It is important that diagnosis is given early to minimize lung damage. Therapy is concentrated towards reducing inflammatory response to prevent possible fibrosis. Administrating adequate treatment limits spread of the disease hence improving the patients’ quality of life [14, 15]. In the case of first patient, treatment was administered enabling the patient to return to normal active life. Currently the girl attends school, meets her friends and takes part in social life of her peers. Since IVIG therapy was administered, the second patient only suffers from sporadic respiratory infections. However, this treatment did not protect her from exacerbation. Although the third patient has been receiving immunoglobulin replacement therapy since the age of 2, changes in the lungs appeared at the age of 7. In both cases (patient 2 and 3) developed interstitial lung diseases, although immunoglobulin replacement had been administered throughout many years. Our findings are consistant with that of other authors about progression of pulmonary changes occuring in patients who received an adequate immunoglobulin replacement therapy [16]. Most studies indicate that prognosis improved under immunoglobulin replacement therapy, when coexists with CVID [17].

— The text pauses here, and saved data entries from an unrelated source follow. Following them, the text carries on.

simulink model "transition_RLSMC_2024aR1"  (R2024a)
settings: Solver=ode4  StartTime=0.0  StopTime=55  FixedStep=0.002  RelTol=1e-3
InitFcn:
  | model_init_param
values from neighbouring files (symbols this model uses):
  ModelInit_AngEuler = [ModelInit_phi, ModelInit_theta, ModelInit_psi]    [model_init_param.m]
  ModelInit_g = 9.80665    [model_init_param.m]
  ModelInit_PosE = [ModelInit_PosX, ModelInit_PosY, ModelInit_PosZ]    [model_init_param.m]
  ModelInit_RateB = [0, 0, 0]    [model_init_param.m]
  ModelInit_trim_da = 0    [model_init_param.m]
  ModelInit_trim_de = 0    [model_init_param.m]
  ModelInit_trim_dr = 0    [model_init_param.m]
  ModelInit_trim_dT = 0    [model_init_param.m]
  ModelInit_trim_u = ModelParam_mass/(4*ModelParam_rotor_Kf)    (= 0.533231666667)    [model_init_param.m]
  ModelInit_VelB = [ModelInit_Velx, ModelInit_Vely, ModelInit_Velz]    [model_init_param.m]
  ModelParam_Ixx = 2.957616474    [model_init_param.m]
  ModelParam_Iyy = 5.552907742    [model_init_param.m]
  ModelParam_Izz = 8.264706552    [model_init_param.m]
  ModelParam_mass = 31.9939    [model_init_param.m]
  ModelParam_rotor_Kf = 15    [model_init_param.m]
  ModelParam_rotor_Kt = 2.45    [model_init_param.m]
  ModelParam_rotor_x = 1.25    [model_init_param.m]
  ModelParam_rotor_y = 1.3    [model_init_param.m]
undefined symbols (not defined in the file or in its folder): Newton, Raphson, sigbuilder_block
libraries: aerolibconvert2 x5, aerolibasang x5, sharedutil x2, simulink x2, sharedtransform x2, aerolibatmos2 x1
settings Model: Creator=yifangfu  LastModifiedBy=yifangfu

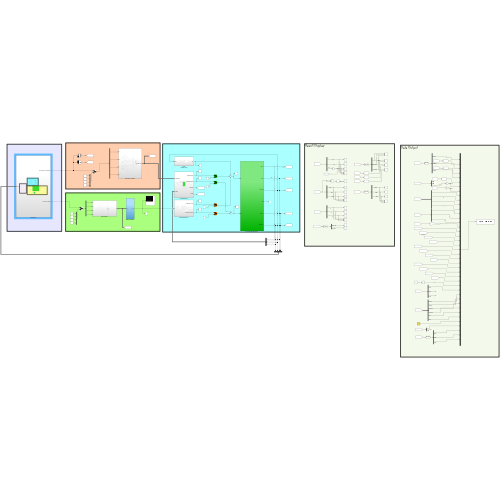
[thumbnail: Simulink's stored preview of the top-level diagram]
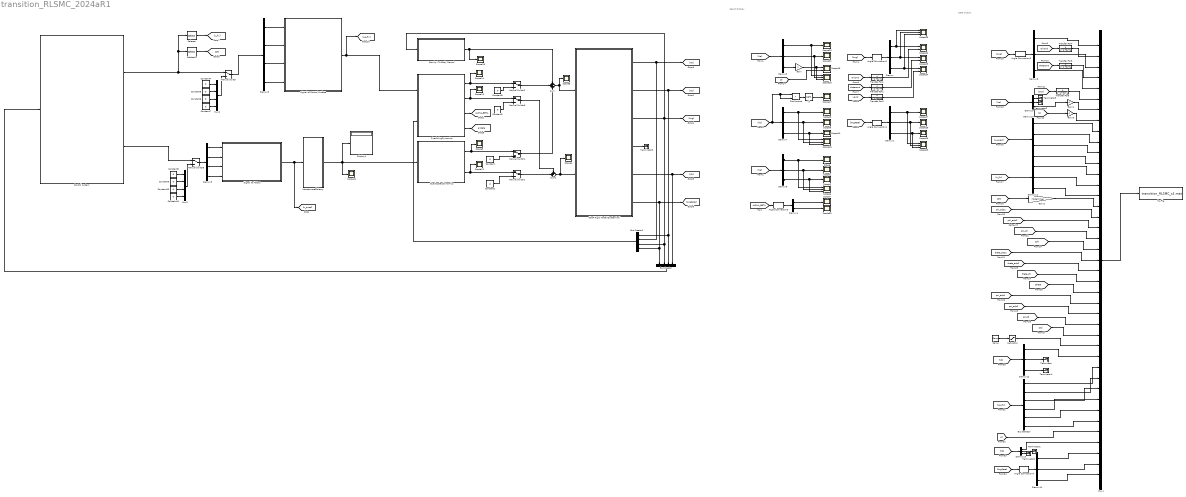
== system transition_RLSMC_2024aR1 ==
  note: Result Display
  note: Data Output
  6DoF Rigid Model(Quaternion) : Subsystem
  Actuator coefficiency : Subsystem
  Angle Conversion{1..5} (5 alike) : aerolibconvert2/Angle Conversion  IU=rad  OU=deg
  Bus Creator : BusCreator  Inputs=4
  Bus Creator1 : BusCreator  Inputs=4
  Bus Selector : BusSelector  OutputSignals=deup1,deup2,dedown1,dedown2,da1,da2
  Constant{,1..11} (12 alike) : Constant  Value=0
  Control system : Subsystem
  Demux{,1..2,6..9,11..14} (11 alike) : Demux  Outputs=3
  Demux10 : Demux
  Demux3 : Demux
  Demux4 : Demux  Outputs=2
  Demux5 : Demux
  Display4 : Display
  Dot Product : DotProduct  OutDataTypeStr=Inherit: Inherit via internal rule
  FixedWingDynamics : Subsystem
  Gain : Gain
  Gain1 : Gain  Gain=-1
  Gain2 : Gain  Gain=ModelInit_g
  Gain3 : Gain  Gain=-1
  Gravity (To Body Frame) : Subsystem
  Manual Switch{,1..2,4..6} (6 alike) : ManualSwitch
  Mux2 : Mux
  Mux3 : Mux
  Mux4 : Mux  Inputs=41
  QuadcoptersDynamics : Subsystem
  Ramp : simulink/Sources/Ramp  slope=0.65  start=0  InitialOutput=5
  Saturation : Saturate  UpperLimit=25
  Scope{,1..5,7..15,17,20..21,26..28,30} (22 alike) : Scope
  Scope{6,16,19,25,29} (5 alike) : Scope  NumInputPorts=3
  Scope{18,22..24} (4 alike) : Scope  NumInputPorts=2
  Selector : Selector  InputPortWidth=4  IndexOptions=Index vector (dialog)  Indices=[1 2 3]  OutputSizes=1
  Selector1 : Selector  InputPortWidth=4  IndexOptions=Index vector (dialog)  Indices=[4]  OutputSizes=1
  Signal to Control Surface : Subsystem
  Signal to Motors : Subsystem
  Sum : Sum  Inputs=+++
  Sum1 : Sum  Inputs=++|
  Terminator{,1..6} (7 alike) : Terminator
  To File : ToFile  Filename=transition_RLSMC_s1.mat  MatrixName=RLSMC_s1
  Transfer Fcn{1..6} (6 alike) : TransferFcn  Numerator=[4]  Denominator=[1 3 4]
  vt : Math  Operator=sqrt  SignedPower=on
  tag scope: ALPHA_BETA=global, airdata=global
  wires:
  Gain/1 -> Scope19/3, Scope18/1  "Height_m"
  Demux2/3 -> Gain/1  "Z_m"
  [yawd] -> Transfer Fcn3/1
  [Xe] -> Demux2/1
  Demux6/2 -> Scope6/2, Scope1/1  "vy"
  [ALPHA_BETA] -> Angle Conversion3/1
  [thetacmd] -> Transfer Fcn2/1
  Demux6/3 -> Scope6/3, Scope2/1  "vz"
  Demux7/3 -> Scope16/3, Scope10/1  "w(m/s)"
  Transfer Fcn3/1 -> Scope24/2
  Demux2/2 -> Scope19/2, Scope21/1  "Y_m"
  Dot Product/1 -> vt/1
  Demux2/1 -> Scope19/1, Scope20/1  "X_m"
  Demux/1 -> Scope22/1, Scope25/1  "phi(deg)"
  Demux4/1 -> Scope7/1  "alpha_deg"
  Demux/3 -> Scope24/1, Scope25/3  "psi(deg)"
  Demux1/3 -> Scope26/1, Scope29/3  "r(deg)"
  Demux1/1 -> Scope27/1, Scope29/1  "p(deg)"
  [Ve] -> Demux6/1
  [rollcmd] -> Transfer Fcn1/1
  Demux6/1 -> Scope6/1, Scope/1  "vx"
  Transfer Fcn2/1 -> Scope23/2
  [zd] -> Scope18/2
  [Ang] -> Angle Conversion2/1
  Angle Conversion1/1 -> Demux1/1
  Demux4/2 -> Scope30/1  "beta_deg"
  [Vb] -> Dot Product/2, Dot Product/1, Demux7/1
  Transfer Fcn1/1 -> Scope22/2
  [AngRate] -> Angle Conversion1/1
  Demux/2 -> Scope23/1, Scope25/2  "theta(deg)"
  Demux7/1 -> Scope16/1, Scope8/1  "u(m/s)"
  Angle Conversion3/1 -> Demux4/1
  vt/1 -> Scope17/1  "V(m/s)"
  Demux1/2 -> Scope28/1, Scope29/2  "q(deg)"
  Demux7/2 -> Scope16/2, Scope9/1  "v(m/s)"
  Angle Conversion2/1 -> Demux/1
  6DoF Rigid Model(Quaternion)/5("vb(m/s) ") -> [Vb], Bus Creator/4  "uvw"
  6DoF Rigid Model(Quaternion)/4(Rbe) -> Terminator3/1
  6DoF Rigid Model(Quaternion)/1(ve(m/s)) -> [Ve], Bus Creator1/2  "Ve"
  6DoF Rigid Model(Quaternion)/6("p,q,r(rad/s) ") -> Bus Creator1/4, Bus Creator/1, [AngRate]  "pqr"
  6DoF Rigid Model(Quaternion)/2("xe(m) ") -> [Xe], Bus Creator1/1, Bus Creator/3  "Xe"
  6DoF Rigid Model(Quaternion)/3(Euler(rad)) -> Gravity (To Body Frame)/1(Euler), [Ang], Bus Creator1/3, Bus Creator/2  "euler"
  Demux5/2 -> Signal to Motors/2(u2)
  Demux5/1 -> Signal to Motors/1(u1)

There was an inadequate reference material after thorough research into this disease. The mechanisms of pathogenesis, promote lung disorders, pathways of disease regulation, or molecular basis are all still unclear [9]. Thorough investigations and research still must to be carried out. The long-term benefits of the treatment have not been revealed. It is possible, that patients who were diagnosed with lung disorders during childhood may develop further problems in later life. The effects of applied treatment on the evolution and spread of disease in adulthood are unknown.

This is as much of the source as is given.